御城米蔵の名残の蔵の前で、舟運に関する歴史を語る島津さん(右)=山形県高畠町安久津
御城米輸送の際に幕府の物品であることを示した江戸時代の旗指し物=山形県高畠町郷土資料館

 阿武隈川の舟運は、幕府直轄地だった信達地方(福島、伊達両市など)の年貢米である「御城(ごじょう)米」輸送で発達した。山形県置賜地方の米も扱い、物流網は広範囲だった。地域の発展に舟運が与えた影響は大きい。ゆかりの深い流域を訪ねた。

◎第1部 舟運/(4)物流網

 「高畠に倉あり、御城(ごじょう)米溜(とめ)倉という。江戸に輸(おく)るには必ず牛馬に載せて阿武隈川に至り、しかる後舟に載せて浦賀港に入るという」
 幕末の思想家吉田松陰が1852年に東北を旅した「東北遊日記」に、山形県高畠町に関する記述がある。幕府直轄地の年貢米である御城米を保管した蔵は高畠に11棟あったとされ、名残の1棟が残る。

<馬で峠を越えて>
 高畠と米沢市の一部からなる屋代郷3万石は1664年の米沢藩削封で、信達地方(福島、伊達両市など)とともに直轄地となった。奥羽山脈の西側ながら、御城米輸送に利用されたのが阿武隈川舟運だ。
 ルートは、馬で二井宿峠を越えて羽州街道を通行。宮城県七ケ宿町を経由し、福島県国見町や桑折町の阿武隈川河岸で舟に積んだ。米沢から板谷峠を越えて福島で舟積みする御城米も一部あったが、長い峠道が続き、標高差も大きく、駄賃がかさんだという。
 高畠町文化財保護委員長の島津憲一さん(70)は「馬1頭で2俵しか運べないのに対し、舟運は数十俵、100俵と大量に安価で輸送できた。

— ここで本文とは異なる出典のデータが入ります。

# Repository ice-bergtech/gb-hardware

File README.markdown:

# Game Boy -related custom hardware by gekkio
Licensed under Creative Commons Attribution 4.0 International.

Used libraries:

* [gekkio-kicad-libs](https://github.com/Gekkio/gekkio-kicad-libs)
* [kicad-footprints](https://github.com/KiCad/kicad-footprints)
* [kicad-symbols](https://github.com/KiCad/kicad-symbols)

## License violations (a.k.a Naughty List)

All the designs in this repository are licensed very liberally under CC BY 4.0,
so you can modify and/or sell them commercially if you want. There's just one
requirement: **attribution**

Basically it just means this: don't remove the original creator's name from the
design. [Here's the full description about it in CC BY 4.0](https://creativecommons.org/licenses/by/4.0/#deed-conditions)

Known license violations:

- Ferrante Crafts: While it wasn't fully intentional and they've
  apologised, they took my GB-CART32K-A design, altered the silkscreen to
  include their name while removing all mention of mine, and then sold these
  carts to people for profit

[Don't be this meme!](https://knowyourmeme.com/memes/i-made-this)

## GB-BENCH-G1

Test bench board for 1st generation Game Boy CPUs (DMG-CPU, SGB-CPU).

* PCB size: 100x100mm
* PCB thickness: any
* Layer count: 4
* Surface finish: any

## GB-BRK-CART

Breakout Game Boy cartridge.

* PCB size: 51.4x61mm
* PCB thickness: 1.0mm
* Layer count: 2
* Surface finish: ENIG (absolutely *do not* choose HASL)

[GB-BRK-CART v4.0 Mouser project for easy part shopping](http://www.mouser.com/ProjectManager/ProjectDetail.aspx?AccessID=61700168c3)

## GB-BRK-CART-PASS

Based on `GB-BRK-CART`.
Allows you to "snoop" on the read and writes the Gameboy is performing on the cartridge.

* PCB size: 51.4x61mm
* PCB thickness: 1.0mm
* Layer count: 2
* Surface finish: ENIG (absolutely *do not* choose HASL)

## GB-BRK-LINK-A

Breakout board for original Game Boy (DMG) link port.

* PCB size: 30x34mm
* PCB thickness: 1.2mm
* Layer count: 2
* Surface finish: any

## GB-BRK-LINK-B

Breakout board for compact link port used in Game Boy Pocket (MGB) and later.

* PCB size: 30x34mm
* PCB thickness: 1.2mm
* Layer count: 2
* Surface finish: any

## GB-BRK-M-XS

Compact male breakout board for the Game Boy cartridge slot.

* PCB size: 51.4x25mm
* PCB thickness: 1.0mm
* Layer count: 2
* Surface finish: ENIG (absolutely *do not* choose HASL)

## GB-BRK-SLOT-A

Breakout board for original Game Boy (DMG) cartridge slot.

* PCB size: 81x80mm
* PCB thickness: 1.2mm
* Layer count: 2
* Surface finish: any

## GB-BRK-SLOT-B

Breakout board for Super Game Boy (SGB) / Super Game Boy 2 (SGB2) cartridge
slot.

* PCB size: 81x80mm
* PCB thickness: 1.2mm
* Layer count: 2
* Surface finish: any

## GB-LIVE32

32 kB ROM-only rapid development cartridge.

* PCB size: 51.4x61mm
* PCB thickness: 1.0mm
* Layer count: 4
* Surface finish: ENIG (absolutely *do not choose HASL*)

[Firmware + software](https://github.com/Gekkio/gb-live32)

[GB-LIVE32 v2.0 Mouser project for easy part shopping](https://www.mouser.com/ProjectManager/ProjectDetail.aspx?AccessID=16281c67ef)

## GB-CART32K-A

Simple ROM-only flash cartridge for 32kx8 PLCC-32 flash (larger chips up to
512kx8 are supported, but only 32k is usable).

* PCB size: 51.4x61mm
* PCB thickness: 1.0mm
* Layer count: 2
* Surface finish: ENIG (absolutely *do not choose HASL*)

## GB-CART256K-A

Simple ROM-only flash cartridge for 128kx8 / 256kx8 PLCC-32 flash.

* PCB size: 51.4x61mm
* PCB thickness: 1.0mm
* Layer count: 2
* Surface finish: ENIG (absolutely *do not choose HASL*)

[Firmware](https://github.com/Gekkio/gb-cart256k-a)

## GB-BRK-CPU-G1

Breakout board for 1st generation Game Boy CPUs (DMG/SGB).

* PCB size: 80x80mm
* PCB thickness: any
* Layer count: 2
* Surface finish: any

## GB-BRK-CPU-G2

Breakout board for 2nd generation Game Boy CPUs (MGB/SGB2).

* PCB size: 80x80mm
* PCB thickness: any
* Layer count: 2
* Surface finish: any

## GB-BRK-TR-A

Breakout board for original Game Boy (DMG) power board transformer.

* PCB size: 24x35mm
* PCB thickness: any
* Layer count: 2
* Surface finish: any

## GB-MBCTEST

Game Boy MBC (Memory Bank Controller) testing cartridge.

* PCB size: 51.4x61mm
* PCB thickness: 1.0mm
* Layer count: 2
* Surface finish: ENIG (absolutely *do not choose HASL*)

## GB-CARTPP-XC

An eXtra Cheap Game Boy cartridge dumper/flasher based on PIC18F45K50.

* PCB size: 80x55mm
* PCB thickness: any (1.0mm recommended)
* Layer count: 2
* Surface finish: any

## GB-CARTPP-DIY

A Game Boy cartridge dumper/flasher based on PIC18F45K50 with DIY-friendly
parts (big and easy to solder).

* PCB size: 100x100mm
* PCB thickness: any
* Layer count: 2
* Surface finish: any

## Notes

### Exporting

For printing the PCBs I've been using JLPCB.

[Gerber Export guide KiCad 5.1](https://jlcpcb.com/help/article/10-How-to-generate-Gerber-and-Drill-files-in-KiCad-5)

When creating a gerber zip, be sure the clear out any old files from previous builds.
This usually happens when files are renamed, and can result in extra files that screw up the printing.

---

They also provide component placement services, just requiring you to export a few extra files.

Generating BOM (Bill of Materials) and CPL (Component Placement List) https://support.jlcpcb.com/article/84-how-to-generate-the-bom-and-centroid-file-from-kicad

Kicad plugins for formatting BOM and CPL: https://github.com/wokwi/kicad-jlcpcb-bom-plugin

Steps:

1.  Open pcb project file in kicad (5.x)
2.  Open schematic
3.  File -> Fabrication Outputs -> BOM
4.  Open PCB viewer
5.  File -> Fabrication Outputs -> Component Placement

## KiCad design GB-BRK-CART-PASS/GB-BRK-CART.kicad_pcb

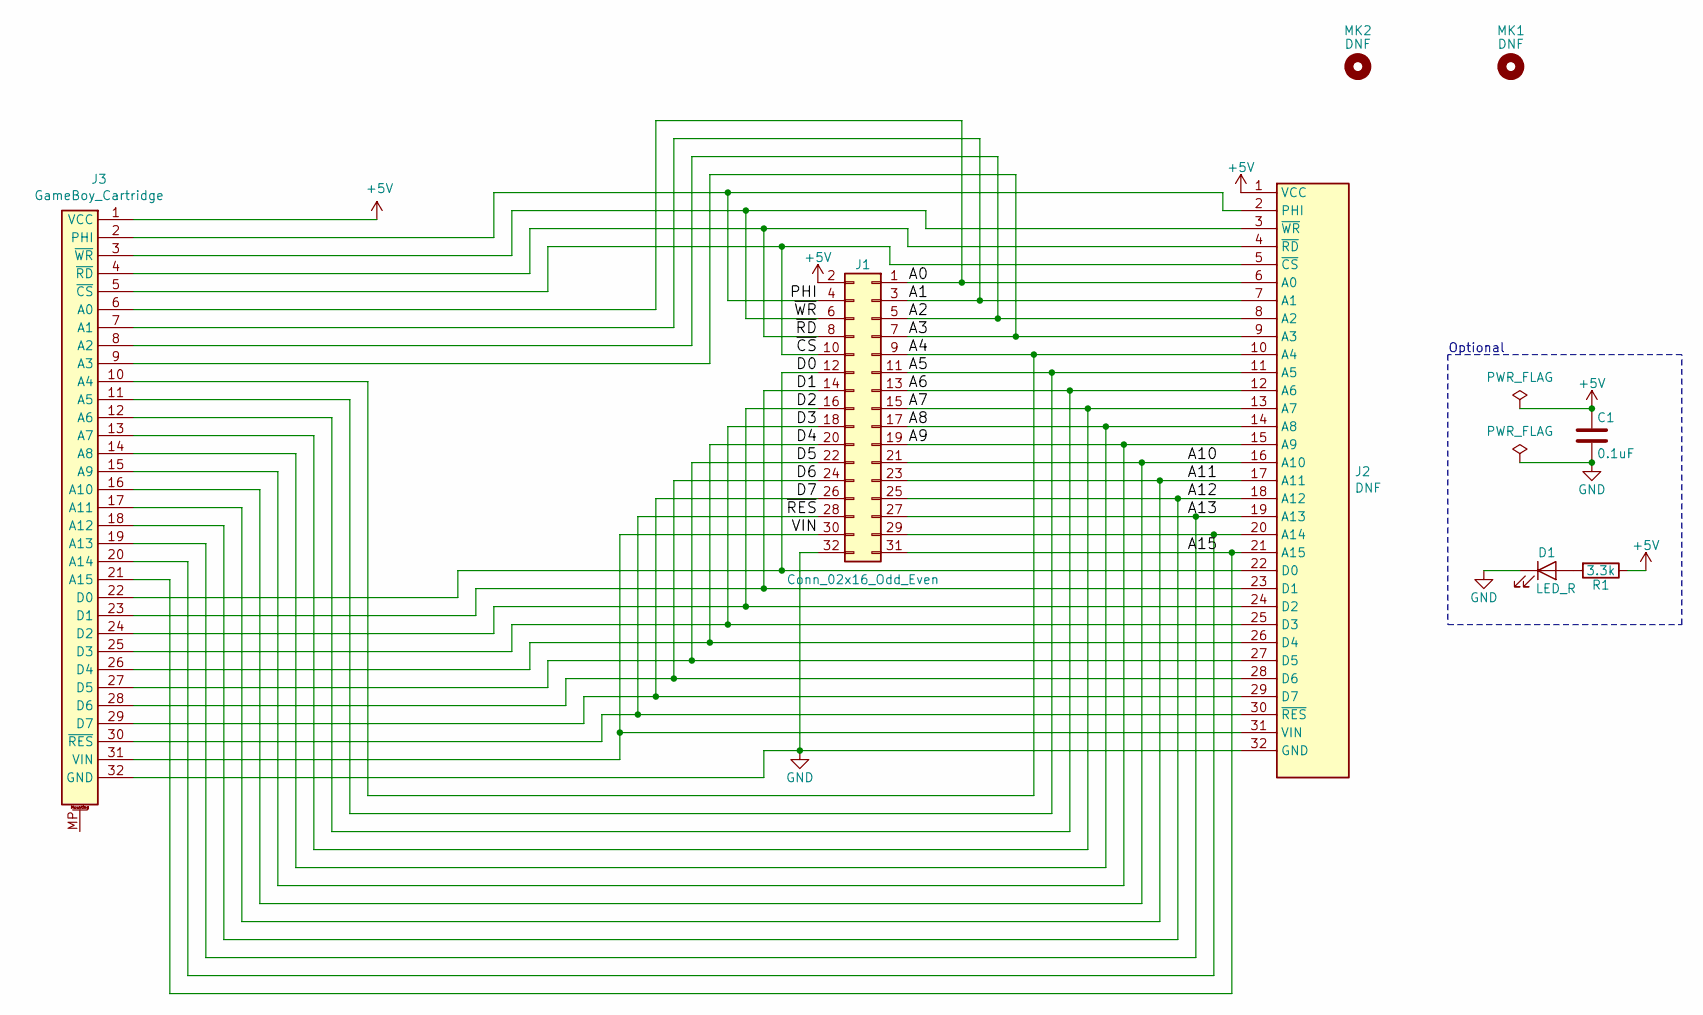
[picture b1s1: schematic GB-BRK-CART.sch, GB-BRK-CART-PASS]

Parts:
C1: 0.1uF; C_0603_1608Metric; Rating 16V X5R; MPN 06035C104KAT4A
D1: LED_R; LED_0603_1608Metric; MPN 150060SS75000
J1: Conn_02x16_Odd_Even; PinHeader_2x16_P2.54mm_Vertical_SMD; MPN 15-91-0800
J2: DNF; GameBoy_Cartridge_1x32_P1.50mm_Edge
J3: GameBoy_Cartridge; GameBoy_Cartridge_AGS_1x32-1MP_P1.50mm_Socket_Horizontal
MK1: DNF; MountingHole_7.2mm
MK2: DNF; MountingHole_2.3mm
R1: 3.3k; R_0603_1608Metric; Rating 1/10W 5%; MPN CRCW06033K30JNEB

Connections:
+5V: C1.1, J1.2, J2.1 (VCC), J3.1 (VCC), R1.1
/A0: J1.1, J2.6 (A0), J3.6 (A0)
/A1: J1.3, J2.7 (A1), J3.7 (A1)
/A2: J1.5, J2.8 (A2), J3.8 (A2)
/A3: J1.7, J2.9 (A3), J3.9 (A3)
/A4: J1.9, J2.10 (A4), J3.10 (A4)
/A5: J1.11, J2.11 (A5), J3.11 (A5)
/A6: J1.13, J2.12 (A6), J3.12 (A6)
/A7: J1.15, J2.13 (A7), J3.13 (A7)
/A8: J1.17, J2.14 (A8), J3.14 (A8)
/A9: J1.19, J2.15 (A9), J3.15 (A9)
/A10: J1.21, J2.16 (A10), J3.16 (A10)
/A11: J1.23, J2.17 (A11), J3.17 (A11)
/A12: J1.25, J2.18 (A12), J3.18 (A12)
/A13: J1.27, J2.19 (A13), J3.19 (A13)
/A15: J1.31, J2.21 (A15), J3.21 (A15)
/D0: J1.12, J2.22 (D0), J3.22 (D0)
/D1: J1.14, J2.23 (D1), J3.23 (D1)
/D2: J1.16, J2.24 (D2), J3.24 (D2)
/D3: J1.18, J2.25 (D3), J3.25 (D3)
/D4: J1.20, J2.26 (D4), J3.26 (D4)
/D5: J1.22, J2.27 (D5), J3.27 (D5)
/D6: J1.24, J2.28 (D6), J3.28 (D6)
/D7: J1.26, J2.29 (D7), J3.29 (D7)
/PHI: J1.4, J2.2 (PHI), J3.2 (PHI)
/VIN: J1.30, J2.31 (VIN), J3.31 (VIN)
/~CS: J1.10, J2.5 (~CS), J3.5 (~CS)
/~RD: J1.8, J2.4 (~RD), J3.4 (~RD)
/~RES: J1.28, J2.30 (~RES), J3.30 (~RES)
/~WR: J1.6, J2.3 (~WR), J3.3 (~WR)
GND: C1.2, D1.1 (K), J1.32, J2.32 (GND), J3.32 (GND), J3.MP
unnamed: D1.2 (A), R1.2
unnamed: J1.29, J2.20 (A14), J3.20 (A14)

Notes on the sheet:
Optional

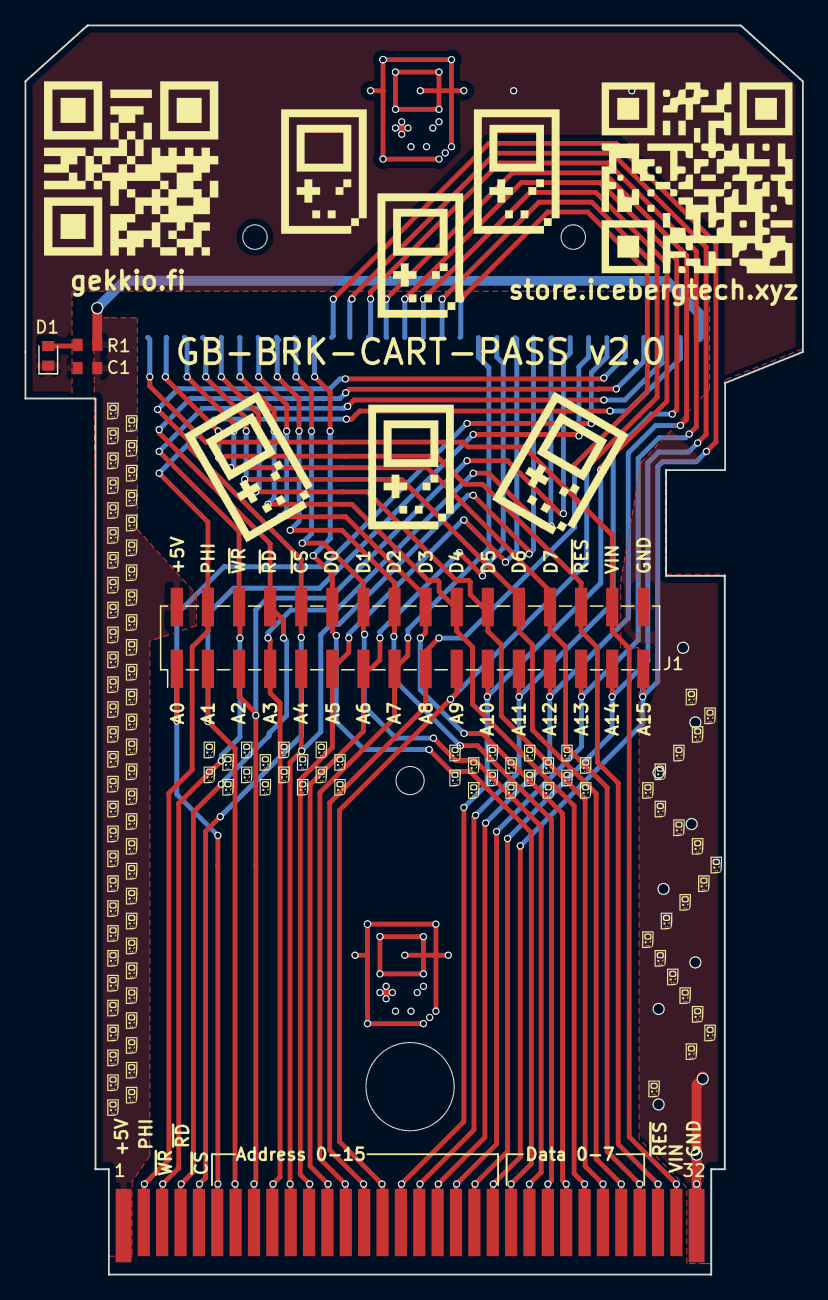
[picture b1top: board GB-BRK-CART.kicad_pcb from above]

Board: 2 copper layers, 63.5 x 102.0 mm, 8 parts (1 on the bottom side), 33 nets.

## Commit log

2023-01-18 Add passthrough cartridge
2023-02-27 Move images around, update breakout/pass cart
2023-02-27 Add case 3d model for printing to breakout pass cart
2023-02-27 Add case top and readme
2023-02-27 Add 3d case model for printing to breakout cart
2023-02-27 Add image of passthrough cart case model
2023-07-27 Add case for gameboy advance type cartridges

技術革命だった」と説明する。
 二井宿峠の古道を歩く会を20年間開いている島津さん。町の文化財保護関係者の研修で、桑折の阿武隈川河岸や、御城米の到達地である東京都浅草などを案内したこともある。島津さんは「高畠は最上川舟運の出発地でもあり、酒田から西廻(まわ)り航路で京阪に通じた。当時の日本はダイナミックにつながっていた」と思いをはせる。

<8000点解読本格化>
 「官」の荷物の御城米ばかりでなく、舟運は生活用品も運んだ。
 岩沼市玉崎で御城米輸送舟など川舟の統制役を務めた渡辺家は、多様な物資を扱う問屋だった。塩釜市で水揚げされた水産物「五十集(いさば)」を内陸部に運んだり、岩沼周辺で生産された藍玉を江戸に送ったりした。
 渡辺家の蔵が東日本大震災で損傷したため、古文書約8000点が岩沼市史編纂(へんさん)室に預けられ、解読が本格化している。岩沼市文化財保護委員長の千葉宗久さん(68)は「解明が進むのが楽しみ。物資の往来は想像以上に盛んだったのではないか」と期待する。
 千葉さんによると、岩沼では戦後まで五間堀川や丸沼堀などの水路が活用された。「鉄道と道路が整うまで物流の中心は舟だった。舟運の時代、流域のつながりはずっと密だっただろう」と千葉さん。現代と違った、阿武隈川が大動脈だった生活圏が浮かぶようだ。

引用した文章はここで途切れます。